InfoWatch Ltd itself specialises in DLP, with its flagship product being InfoWatch Traffic Monitor Enterprise, which according to Sokurenko, is typically used in large enterprises, especially in the financial services, the oil and gas, and government sectors, its top three markets.
“Traffic Monitor has become more than just a DLP solution,” he claimed. “It has to do with the health of the company – not just protecting it from any data leakages, but also from the risk and damage such data leakages may cause.”
Traffic Monitor protects against the leakage of data from not just an internal source (employees) but also external (partners, suppliers, etc.), and not just intentional bus also accidental data loss from carelessness or mistakes.
While InfoWatch’s biggest market is with large enterprises, its solutions are also in use with small and medium enterprises (SMEs) too – indeed, about 20-30% of its customers come from this segment, according to Sokurenko.
“Everyone wants to find a unique value proposition, so everyone needs to protect their data,” he said.
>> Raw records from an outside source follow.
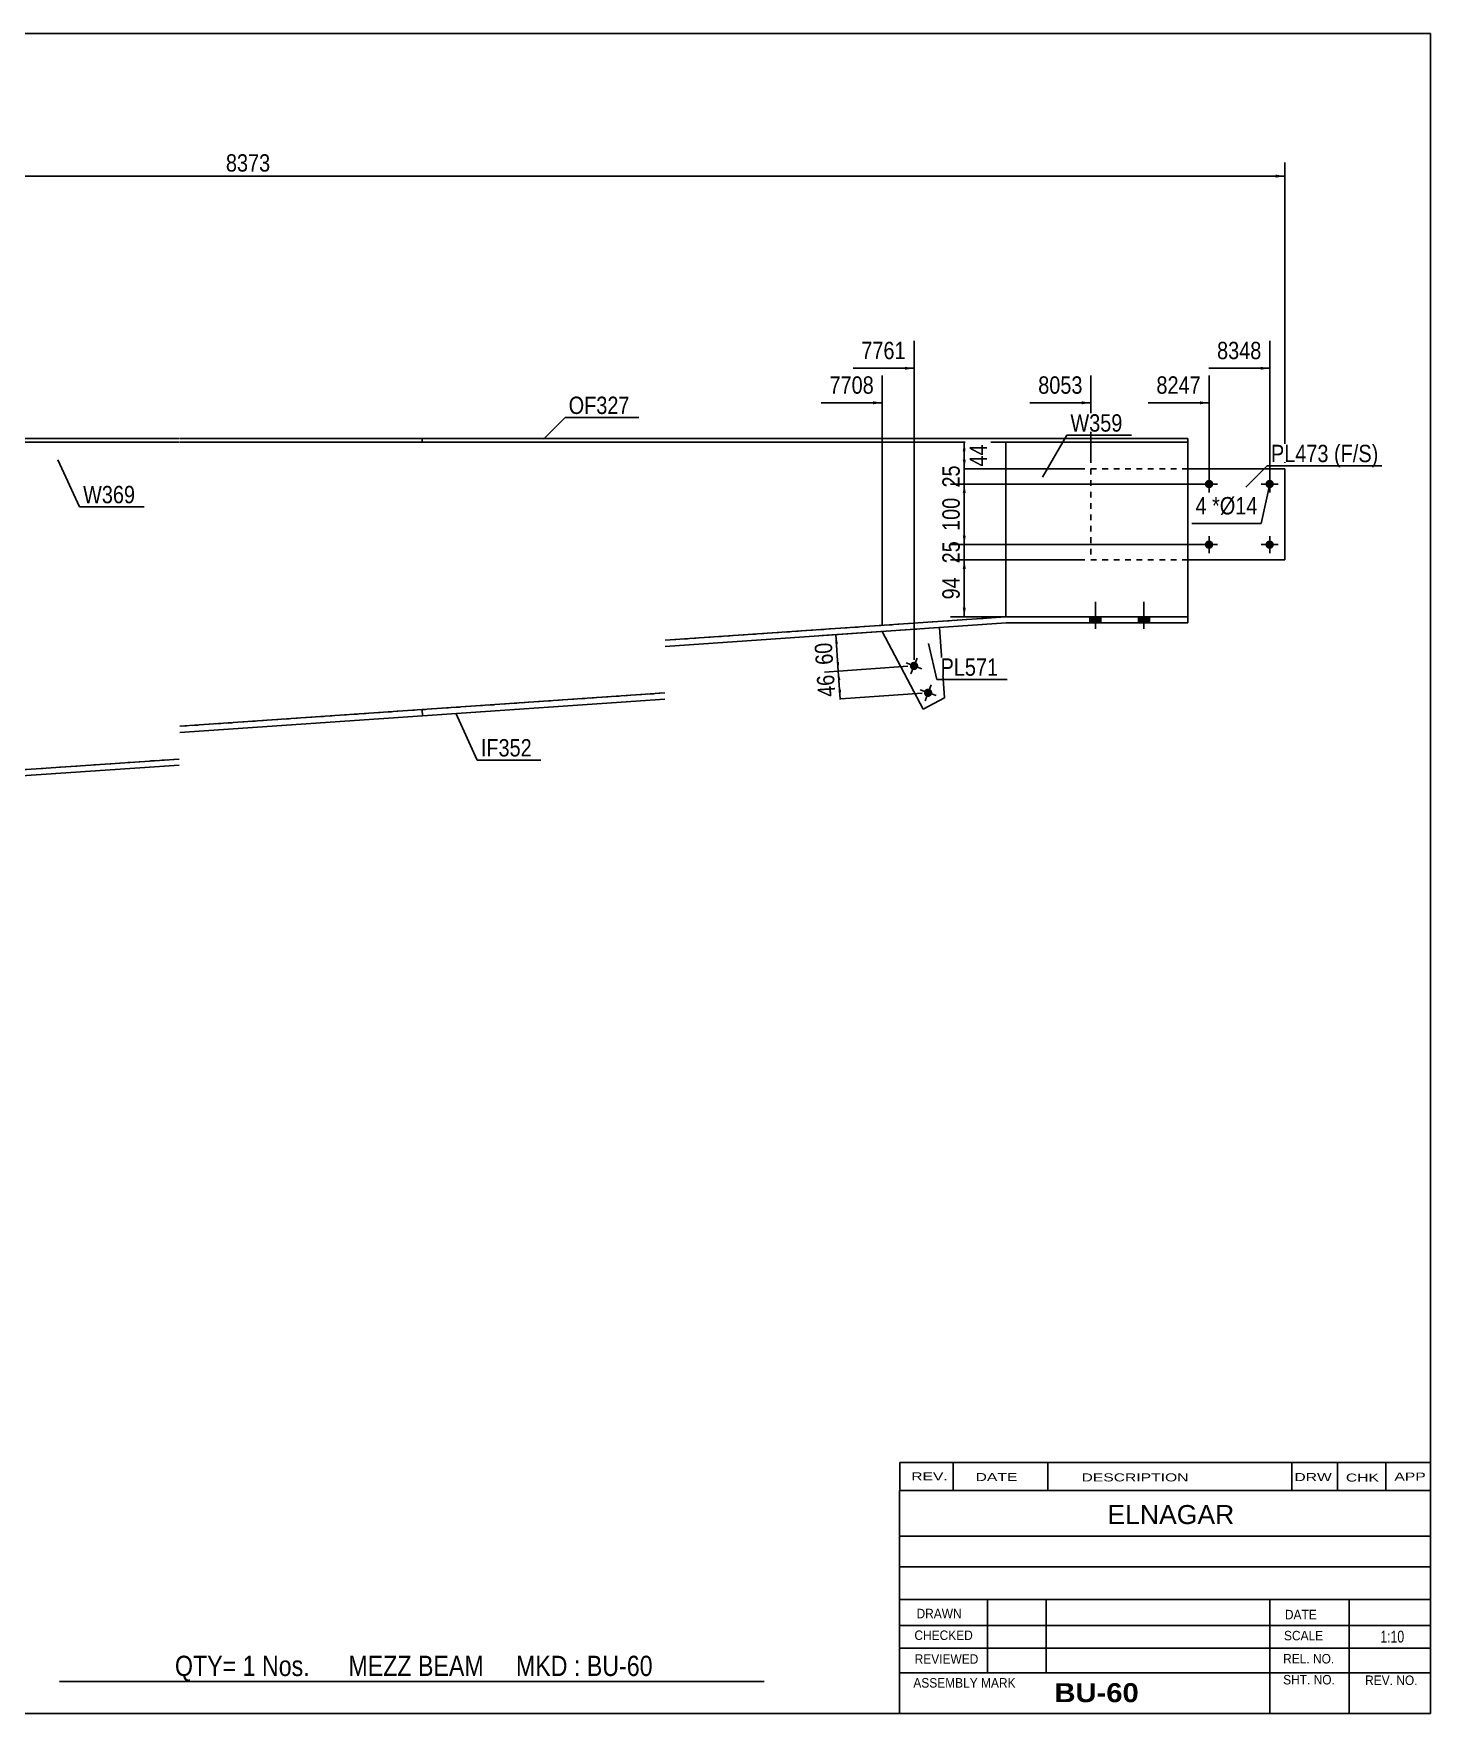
# Model space of a CAD drawing. Header units: millimetres. Extents: x -36 to 366, y -195 to 82.
# Drawn here: x 135.6 to 366.1, y -195.2 to 81.8 of the extents above; entities that cross this region are included whole.
import ezdxf

# ---------------------------------------------------------------- set-up
doc = ezdxf.new("R2010")
doc.units = ezdxf.units.MM
doc.linetypes.add('DXK_LINE_DOT1', pattern=[1.8814, 0.9407, -0.9407])
doc.styles.add('Arial', font='ARIAL.TTF', dxfattribs={"height": 0.2})
doc.styles.add('Arial Bold', font='ARIALBD.TTF', dxfattribs={"height": 0.2})
doc.styles.add('Arial Narrow', font='ARIALN.TTF', dxfattribs={"height": 0.2})

# ---------------------------------------------------------------- blocks, each defined once
blk = doc.blocks.new('Unknown-629107614-1211')
at = {"color": 5, "linetype": 'Continuous'}
for p, q in [((366.05, 81.78), (-33.95, 81.78)), ((-33.95, 81.78), (-33.95, -195.22)), ((366.05, -195.22), (366.05, 81.78)), ((-33.95, -195.22), (366.05, -195.22))]:
    blk.add_line(p, q, dxfattribs=at)
at = {"color": 174, "linetype": 'Continuous', "style": 'Arial'}
blk.add_text('Tekla structures', height=1.9102, rotation=90, dxfattribs=at).set_placement((-34.45, -194.72))
blk = doc.blocks.new('Part-629107614-1279 - 1232')
at = {"color": 2, "linetype": 'Continuous'}
for p, q in [((0, 15), (0, 14.4)), ((0, 15), (74.82, 15)), ((0, 14.4), (74.82, 14.4)), ((74.92, 15), (159.65, 15)), ((74.92, 14.4), (159.65, 14.4)), ((159.75, 15), (199.75, 15)), ((159.75, 14.4), (199.75, 14.4)), ((199.75, 15), (199.75, 14.4))]:
    blk.add_line(p, q, dxfattribs=at)
blk = doc.blocks.new('Part-629107614-1257 - 1232')
at = {"color": 7, "linetype": 'DXK_LINE_DOT1'}
for p, q in [((310.04, 10), (310.04, -5)), ((326.04, 10), (310.04, 10)), ((326.04, -5), (310.04, -5))]:
    blk.add_line(p, q, dxfattribs=at)
at = {"color": 2, "linetype": 'Continuous'}
for p, q in [((342.04, 10), (326.04, 10)), ((342.04, 10), (342.04, -5)), ((342.04, -5), (326.04, -5))]:
    blk.add_line(p, q, dxfattribs=at)
blk = doc.blocks.new('Bolt-629107614-1536 - 1232')
at = {"linetype": 'Continuous'}
for points in [[(309.89, -15.4), (311.69, -15.4), (311.69, -14.4), (309.89, -14.4)], [(309.89, -15.4), (311.69, -15.4), (311.69, -14.4), (309.89, -14.4)], [(317.89, -15.4), (319.69, -15.4), (319.69, -14.4), (317.89, -14.4)], [(317.89, -15.4), (319.69, -15.4), (319.69, -14.4), (317.89, -14.4)]]:
    blk.add_hatch(color=3, dxfattribs=at).paths.add_polyline_path(points)
at = {"color": 3, "linetype": 'Continuous'}
for p, q in [((310.79, -16.4), (310.79, -11.9)), ((310.79, -16.4), (310.79, -11.9)), ((318.79, -16.4), (318.79, -11.9)), ((318.79, -16.4), (318.79, -11.9)), ((309.89, -15.4), (309.89, -14.4)), ((309.89, -15.4), (309.89, -14.4)), ((311.69, -15.4), (311.69, -14.4)), ((311.69, -15.4), (311.69, -14.4)), ((317.89, -15.4), (317.89, -14.4)), ((317.89, -15.4), (317.89, -14.4)), ((319.69, -15.4), (319.69, -14.4)), ((319.69, -15.4), (319.69, -14.4))]:
    blk.add_line(p, q, dxfattribs=at)
blk = doc.blocks.new('Part-629107614-1301 - 1232')
at = {"color": 2, "linetype": 'Continuous'}
for p, q in [((199.75, 15), (199.75, 14.4)), ((199.75, 15), (239.75, 15)), ((199.75, 14.4), (239.75, 14.4)), ((239.85, 15), (326.04, 15)), ((239.85, 14.4), (326.04, 14.4)), ((326.04, 15), (326.04, 14.4))]:
    blk.add_line(p, q, dxfattribs=at)
blk = doc.blocks.new('Part-629107614-1345 - 1232')
at = {"color": 2, "linetype": 'Continuous'}
for p, q in [((119.65, -40.6), (119.65, 14.4)), ((296.04, 14.4), (296.04, -14.4))]:
    blk.add_line(p, q, dxfattribs=at)
at = {"color": 7, "linetype": 'DXK_LINE_DOT1'}
for p, q in [((119.65, 14.4), (159.65, 14.4)), ((159.75, 14.4), (239.75, 14.4)), ((239.85, 14.4), (296.04, 14.4)), ((296.04, -14.4), (239.85, -18.27)), ((239.75, -26.95), (159.75, -32.45)), ((159.65, -37.85), (119.65, -40.6))]:
    blk.add_line(p, q, dxfattribs=at)
blk = doc.blocks.new('Part-629107614-1367 - 1232')
at = {"color": 2, "linetype": 'Continuous'}
for p, q in [((30, -14.4), (0, -14.4)), ((0, -15.4), (0, -14.4)), ((29.97, -15.4), (0, -15.4)), ((74.82, -18.49), (29.97, -15.4)), ((74.82, -17.49), (30, -14.4)), ((199.75, -29.7), (159.75, -32.45)), ((199.82, -30.7), (199.75, -29.7)), ((199.82, -30.7), (159.75, -33.45)), ((119.65, -40.6), (74.92, -37.52)), ((119.65, -41.6), (74.92, -38.52)), ((159.65, -37.85), (119.65, -40.6)), ((159.65, -38.85), (119.65, -41.6))]:
    blk.add_line(p, q, dxfattribs=at)
blk = doc.blocks.new('Part-629107614-1389 - 1232')
at = {"color": 2, "linetype": 'Continuous'}
for p, q in [((296.04, -14.4), (239.85, -18.27)), ((296.08, -15.4), (239.85, -19.27)), ((326.04, -14.4), (296.04, -14.4)), ((326.04, -15.4), (296.08, -15.4)), ((326.04, -15.4), (326.04, -14.4)), ((239.75, -26.95), (199.75, -29.7)), ((199.82, -30.7), (199.75, -29.7)), ((239.75, -27.95), (199.82, -30.7))]:
    blk.add_line(p, q, dxfattribs=at)
blk = doc.blocks.new('Part-629107614-1411 - 1232')
at = {"color": 2, "linetype": 'Continuous'}
for p, q in [((296.04, 14.4), (296.04, -14.4)), ((326.04, 14.4), (326.04, -14.4))]:
    blk.add_line(p, q, dxfattribs=at)
at = {"color": 7, "linetype": 'DXK_LINE_DOT1'}
for p, q in [((296.04, 14.4), (326.04, 14.4)), ((296.04, -14.4), (326.04, -14.4))]:
    blk.add_line(p, q, dxfattribs=at)
blk = doc.blocks.new('Bolt-629107614-1546 - 1232')
at = {"linetype": 'Continuous'}
blk.add_hatch(color=3, dxfattribs=at).paths.add_polyline_path([(281.52, -22.75, -1), (280.22, -22.24, -1)])
at = {"color": 3, "linetype": 'Continuous'}
for p, q in [((282.17, -23), (279.56, -21.98)), ((281.38, -21.19), (280.36, -23.8))]:
    blk.add_line(p, q, dxfattribs=at)
blk = doc.blocks.new('Bolt-629107614-1463 - 1232')
at = {"linetype": 'Continuous'}
for points in [[(328.84, 7.5, -1), (330.24, 7.5, -1)], [(338.84, 7.5, -1), (340.24, 7.5, -1)], [(328.84, -2.5, -1), (330.24, -2.5, -1)], [(338.84, -2.5, -1), (340.24, -2.5, -1)]]:
    blk.add_hatch(color=3, dxfattribs=at).paths.add_polyline_path(points)
at = {"color": 3, "linetype": 'Continuous'}
for p, q in [((329.54, 6.1), (329.54, 8.9)), ((339.54, 6.1), (339.54, 8.9)), ((328.14, 7.5), (330.94, 7.5)), ((338.14, 7.5), (340.94, 7.5)), ((328.14, -2.5), (330.94, -2.5)), ((329.54, -3.9), (329.54, -1.1)), ((338.14, -2.5), (340.94, -2.5)), ((339.54, -3.9), (339.54, -1.1))]:
    blk.add_line(p, q, dxfattribs=at)
blk = doc.blocks.new('Bolt-629107614-1552 - 1232')
at = {"linetype": 'Continuous'}
blk.add_hatch(color=3, dxfattribs=at).paths.add_polyline_path([(283.85, -27.16, -1), (282.54, -26.68, -1)])
at = {"color": 3, "linetype": 'Continuous'}
for p, q in [((284.51, -27.4), (281.88, -26.43)), ((283.68, -25.6), (282.71, -28.23))]:
    blk.add_line(p, q, dxfattribs=at)
blk = doc.blocks.new('Part-629107614-1713 - 1232')
at = {"color": 7, "linetype": 'DXK_LINE_DOT1'}
blk.add_line((285.1, -16.16), (275.62, -16.81), dxfattribs=at)
at = {"color": 2, "linetype": 'Continuous'}
for p, q in [((285.9, -27.76), (285.1, -16.16)), ((275.62, -16.81), (282.36, -29.62)), ((282.36, -29.62), (285.9, -27.76))]:
    blk.add_line(p, q, dxfattribs=at)
blk = doc.blocks.new('StraightDimension-629107614-1639 - 1232')
at = {"linetype": 'Continuous'}
for points in [[(1.5, 58.02), (0, 58.27), (1.5, 58.52)], [(340.54, 58.52), (342.04, 58.27), (340.54, 58.02)]]:
    blk.add_hatch(color=7, dxfattribs=at).paths.add_polyline_path(points)
at = {"color": 7, "linetype": 'Continuous'}
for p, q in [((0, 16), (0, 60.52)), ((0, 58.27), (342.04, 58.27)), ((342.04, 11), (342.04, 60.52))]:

“We understand that SMEs may not have specialised IT staff, so we ensure that our technology is not only effective, but also easy to deploy – easy to install and easy for the data to be analysed,” he claimed.
Sokurenko expects the SME portion of InfoWatch’s customer base to take off even further with its new Personal Data Protector solution, adding that the company has seen “a huge number of pre-orders” for the new product.
The introduction of the Personal Data Protection Act (PDPA) late last year in Malaysia also convinced the company to begin aggressively marketing its product in the domestic market, according to Renganathan (pic), Asia Pacific regional head at InfoWatch’s Malaysian office.
“With the PDPA, a large number of SMEs now need to be compliant – even your typical pizza company will now have to comply with the Act to protect customers credit card information, for example, so we expect a huge uptake of this product in the Malaysian market,” he said.
In tandem with the aggressive marketing for the Personal Data Protector solution, InfoWatch also did the same for its Traffic Monitor solution.
“We’ve had discussions with about 40 customers, and did about 15-16 proof of concepts (POCs), and expect our first implementation in about a month,” said Renganathan.
“And when we say POC, it means actually using our solution,” said Sokurenko. “When you install it, you will immediately see what is going on in the company – we can show real data, not only in the past, but in real time.
“And the amazing thing about Traffic Monitor is that it takes only about a week to deploy – and it doesn’t matter if you have 50 to 100 users, or tens of thousands,” he added.
Indeed, according to Renganathan, in one POC InfoWatch did with a Malaysian organisation, the solution immediately showed that an employee who had tendered his resignation two weeks earlier was sending out the most amount of email and data.
“We extracted the email and data for the company, and they had to have an emergency management meeting on that,” he added.
Sokurenko pointed out that while Traffic Monitor allows the customer to extract information and analyse it, InfoWatch itself has no access to such information. “We’re about protecting our customers’ confidential information, after all.”